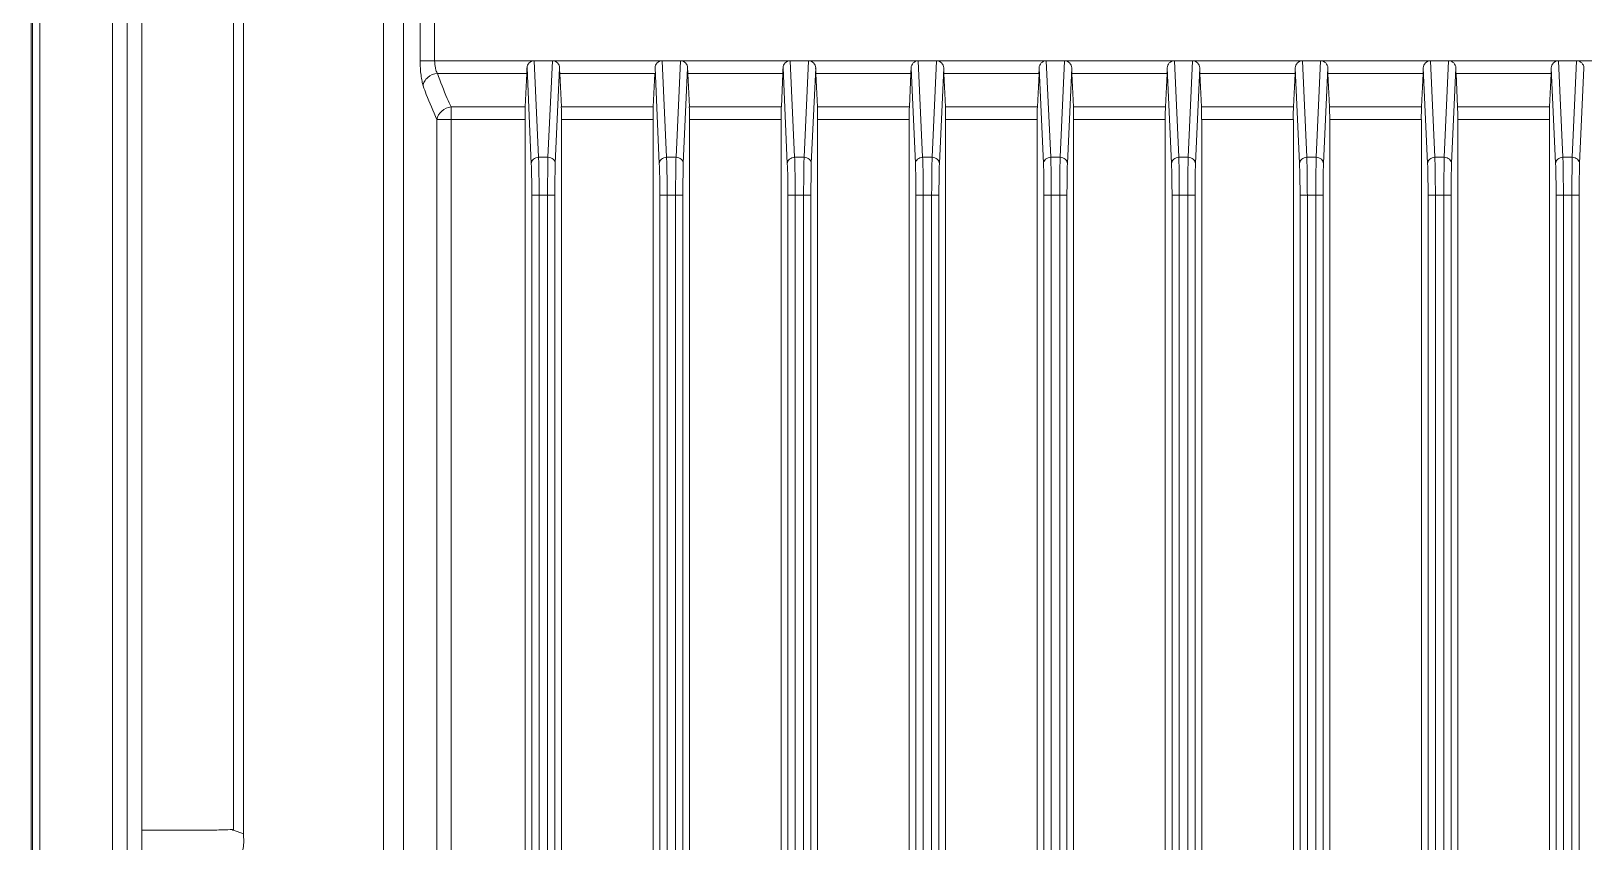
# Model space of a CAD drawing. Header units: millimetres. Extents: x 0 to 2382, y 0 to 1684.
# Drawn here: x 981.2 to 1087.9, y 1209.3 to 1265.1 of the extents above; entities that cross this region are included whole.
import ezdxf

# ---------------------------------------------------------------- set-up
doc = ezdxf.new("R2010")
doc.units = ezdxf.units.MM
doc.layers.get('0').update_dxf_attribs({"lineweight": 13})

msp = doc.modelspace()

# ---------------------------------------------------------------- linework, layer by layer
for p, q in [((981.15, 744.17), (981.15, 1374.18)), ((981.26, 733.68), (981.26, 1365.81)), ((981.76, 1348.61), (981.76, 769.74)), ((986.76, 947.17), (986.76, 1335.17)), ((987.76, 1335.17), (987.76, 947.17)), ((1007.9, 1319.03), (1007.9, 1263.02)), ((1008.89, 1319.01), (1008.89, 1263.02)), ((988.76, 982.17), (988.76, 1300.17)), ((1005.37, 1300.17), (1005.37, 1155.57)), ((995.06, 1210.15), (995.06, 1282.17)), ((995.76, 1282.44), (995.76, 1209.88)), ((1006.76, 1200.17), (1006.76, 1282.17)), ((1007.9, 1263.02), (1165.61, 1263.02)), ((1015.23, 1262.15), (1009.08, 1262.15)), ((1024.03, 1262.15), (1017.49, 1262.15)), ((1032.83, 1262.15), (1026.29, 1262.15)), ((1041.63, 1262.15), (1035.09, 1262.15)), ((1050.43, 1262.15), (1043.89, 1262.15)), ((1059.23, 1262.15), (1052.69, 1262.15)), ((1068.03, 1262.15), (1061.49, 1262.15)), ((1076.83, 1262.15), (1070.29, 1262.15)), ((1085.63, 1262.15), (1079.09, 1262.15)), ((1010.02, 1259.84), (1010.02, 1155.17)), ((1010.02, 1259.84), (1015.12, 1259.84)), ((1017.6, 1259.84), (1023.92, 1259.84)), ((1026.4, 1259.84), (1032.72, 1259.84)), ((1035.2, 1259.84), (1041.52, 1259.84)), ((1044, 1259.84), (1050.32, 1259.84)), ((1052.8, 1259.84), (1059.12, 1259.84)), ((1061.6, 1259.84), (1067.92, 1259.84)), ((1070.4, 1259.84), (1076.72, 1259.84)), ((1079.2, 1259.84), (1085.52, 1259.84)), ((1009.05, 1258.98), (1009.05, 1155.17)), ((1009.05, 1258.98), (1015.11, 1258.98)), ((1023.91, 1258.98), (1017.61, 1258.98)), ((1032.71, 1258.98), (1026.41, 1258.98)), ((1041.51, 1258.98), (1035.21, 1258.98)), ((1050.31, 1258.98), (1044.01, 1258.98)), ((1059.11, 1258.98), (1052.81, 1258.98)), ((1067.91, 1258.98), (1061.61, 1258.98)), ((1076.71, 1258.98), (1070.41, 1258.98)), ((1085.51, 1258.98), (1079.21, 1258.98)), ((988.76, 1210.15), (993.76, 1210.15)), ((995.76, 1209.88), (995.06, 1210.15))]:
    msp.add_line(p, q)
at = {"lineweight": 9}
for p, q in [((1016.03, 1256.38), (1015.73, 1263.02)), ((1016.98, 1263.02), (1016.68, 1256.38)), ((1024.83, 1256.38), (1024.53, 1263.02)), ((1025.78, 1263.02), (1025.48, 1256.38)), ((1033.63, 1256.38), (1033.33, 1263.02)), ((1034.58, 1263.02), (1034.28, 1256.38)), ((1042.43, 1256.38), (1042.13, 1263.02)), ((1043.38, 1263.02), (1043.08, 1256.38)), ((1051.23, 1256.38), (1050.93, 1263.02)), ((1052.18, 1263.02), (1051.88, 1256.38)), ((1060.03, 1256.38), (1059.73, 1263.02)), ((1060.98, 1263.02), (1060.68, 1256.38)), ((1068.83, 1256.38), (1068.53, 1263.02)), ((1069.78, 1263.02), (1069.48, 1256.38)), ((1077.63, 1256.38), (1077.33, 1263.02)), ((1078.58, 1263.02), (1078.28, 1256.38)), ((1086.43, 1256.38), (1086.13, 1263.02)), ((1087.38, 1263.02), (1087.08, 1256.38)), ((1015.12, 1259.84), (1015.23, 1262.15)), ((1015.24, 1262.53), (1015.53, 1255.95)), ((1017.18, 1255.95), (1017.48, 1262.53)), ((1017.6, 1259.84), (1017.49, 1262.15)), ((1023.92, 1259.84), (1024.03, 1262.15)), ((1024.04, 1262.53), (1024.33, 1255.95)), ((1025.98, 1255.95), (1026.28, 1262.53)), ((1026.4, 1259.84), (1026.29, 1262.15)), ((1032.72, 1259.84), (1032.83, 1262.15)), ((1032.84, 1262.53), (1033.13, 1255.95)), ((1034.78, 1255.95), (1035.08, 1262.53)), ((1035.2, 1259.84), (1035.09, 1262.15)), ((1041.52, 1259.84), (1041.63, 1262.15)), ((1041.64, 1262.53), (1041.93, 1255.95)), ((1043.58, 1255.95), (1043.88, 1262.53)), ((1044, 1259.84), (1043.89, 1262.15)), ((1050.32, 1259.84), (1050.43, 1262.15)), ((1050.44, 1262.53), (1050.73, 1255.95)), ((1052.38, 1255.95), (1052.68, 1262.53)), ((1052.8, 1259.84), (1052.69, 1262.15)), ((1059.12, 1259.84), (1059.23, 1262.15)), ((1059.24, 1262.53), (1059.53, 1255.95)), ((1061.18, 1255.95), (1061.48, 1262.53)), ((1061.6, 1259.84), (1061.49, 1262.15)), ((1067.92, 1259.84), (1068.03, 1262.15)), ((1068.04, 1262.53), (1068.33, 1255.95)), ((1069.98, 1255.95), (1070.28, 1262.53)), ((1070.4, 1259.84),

● ● ● ● ●

§ Aim of the exercise
Although the records contain pictures, print only the rest, exactly as written.

§ Answer
# Model space of a CAD drawing. Header units: millimetres. Extents: x 0 to 2382, y 0 to 1684.
# Drawn here: x 981.2 to 1087.9, y 1209.3 to 1265.1 of the extents above; entities that cross this region are included whole.
import ezdxf

# ---------------------------------------------------------------- set-up
doc = ezdxf.new("R2010")
doc.units = ezdxf.units.MM
doc.layers.get('0').update_dxf_attribs({"lineweight": 13})

msp = doc.modelspace()

# ---------------------------------------------------------------- linework, layer by layer
for p, q in [((981.15, 744.17), (981.15, 1374.18)), ((981.26, 733.68), (981.26, 1365.81)), ((981.76, 1348.61), (981.76, 769.74)), ((986.76, 947.17), (986.76, 1335.17)), ((987.76, 1335.17), (987.76, 947.17)), ((1007.9, 1319.03), (1007.9, 1263.02)), ((1008.89, 1319.01), (1008.89, 1263.02)), ((988.76, 982.17), (988.76, 1300.17)), ((1005.37, 1300.17), (1005.37, 1155.57)), ((995.06, 1210.15), (995.06, 1282.17)), ((995.76, 1282.44), (995.76, 1209.88)), ((1006.76, 1200.17), (1006.76, 1282.17)), ((1007.9, 1263.02), (1165.61, 1263.02)), ((1015.23, 1262.15), (1009.08, 1262.15)), ((1024.03, 1262.15), (1017.49, 1262.15)), ((1032.83, 1262.15), (1026.29, 1262.15)), ((1041.63, 1262.15), (1035.09, 1262.15)), ((1050.43, 1262.15), (1043.89, 1262.15)), ((1059.23, 1262.15), (1052.69, 1262.15)), ((1068.03, 1262.15), (1061.49, 1262.15)), ((1076.83, 1262.15), (1070.29, 1262.15)), ((1085.63, 1262.15), (1079.09, 1262.15)), ((1010.02, 1259.84), (1010.02, 1155.17)), ((1010.02, 1259.84), (1015.12, 1259.84)), ((1017.6, 1259.84), (1023.92, 1259.84)), ((1026.4, 1259.84), (1032.72, 1259.84)), ((1035.2, 1259.84), (1041.52, 1259.84)), ((1044, 1259.84), (1050.32, 1259.84)), ((1052.8, 1259.84), (1059.12, 1259.84)), ((1061.6, 1259.84), (1067.92, 1259.84)), ((1070.4, 1259.84), (1076.72, 1259.84)), ((1079.2, 1259.84), (1085.52, 1259.84)), ((1009.05, 1258.98), (1009.05, 1155.17)), ((1009.05, 1258.98), (1015.11, 1258.98)), ((1023.91, 1258.98), (1017.61, 1258.98)), ((1032.71, 1258.98), (1026.41, 1258.98)), ((1041.51, 1258.98), (1035.21, 1258.98)), ((1050.31, 1258.98), (1044.01, 1258.98)), ((1059.11, 1258.98), (1052.81, 1258.98)), ((1067.91, 1258.98), (1061.61, 1258.98)), ((1076.71, 1258.98), (1070.41, 1258.98)), ((1085.51, 1258.98), (1079.21, 1258.98)), ((988.76, 1210.15), (993.76, 1210.15)), ((995.76, 1209.88), (995.06, 1210.15))]:
    msp.add_line(p, q)
at = {"lineweight": 9}
for p, q in [((1016.03, 1256.38), (1015.73, 1263.02)), ((1016.98, 1263.02), (1016.68, 1256.38)), ((1024.83, 1256.38), (1024.53, 1263.02)), ((1025.78, 1263.02), (1025.48, 1256.38)), ((1033.63, 1256.38), (1033.33, 1263.02)), ((1034.58, 1263.02), (1034.28, 1256.38)), ((1042.43, 1256.38), (1042.13, 1263.02)), ((1043.38, 1263.02), (1043.08, 1256.38)), ((1051.23, 1256.38), (1050.93, 1263.02)), ((1052.18, 1263.02), (1051.88, 1256.38)), ((1060.03, 1256.38), (1059.73, 1263.02)), ((1060.98, 1263.02), (1060.68, 1256.38)), ((1068.83, 1256.38), (1068.53, 1263.02)), ((1069.78, 1263.02), (1069.48, 1256.38)), ((1077.63, 1256.38), (1077.33, 1263.02)), ((1078.58, 1263.02), (1078.28, 1256.38)), ((1086.43, 1256.38), (1086.13, 1263.02)), ((1087.38, 1263.02), (1087.08, 1256.38)), ((1015.12, 1259.84), (1015.23, 1262.15)), ((1015.24, 1262.53), (1015.53, 1255.95)), ((1017.18, 1255.95), (1017.48, 1262.53)), ((1017.6, 1259.84), (1017.49, 1262.15)), ((1023.92, 1259.84), (1024.03, 1262.15)), ((1024.04, 1262.53), (1024.33, 1255.95)), ((1025.98, 1255.95), (1026.28, 1262.53)), ((1026.4, 1259.84), (1026.29, 1262.15)), ((1032.72, 1259.84), (1032.83, 1262.15)), ((1032.84, 1262.53), (1033.13, 1255.95)), ((1034.78, 1255.95), (1035.08, 1262.53)), ((1035.2, 1259.84), (1035.09, 1262.15)), ((1041.52, 1259.84), (1041.63, 1262.15)), ((1041.64, 1262.53), (1041.93, 1255.95)), ((1043.58, 1255.95), (1043.88, 1262.53)), ((1044, 1259.84), (1043.89, 1262.15)), ((1050.32, 1259.84), (1050.43, 1262.15)), ((1050.44, 1262.53), (1050.73, 1255.95)), ((1052.38, 1255.95), (1052.68, 1262.53)), ((1052.8, 1259.84), (1052.69, 1262.15)), ((1059.12, 1259.84), (1059.23, 1262.15)), ((1059.24, 1262.53), (1059.53, 1255.95)), ((1061.18, 1255.95), (1061.48, 1262.53)), ((1061.6, 1259.84), (1061.49, 1262.15)), ((1067.92, 1259.84), (1068.03, 1262.15)), ((1068.04, 1262.53), (1068.33, 1255.95)), ((1069.98, 1255.95), (1070.28, 1262.53)), ((1070.4, 1259.84),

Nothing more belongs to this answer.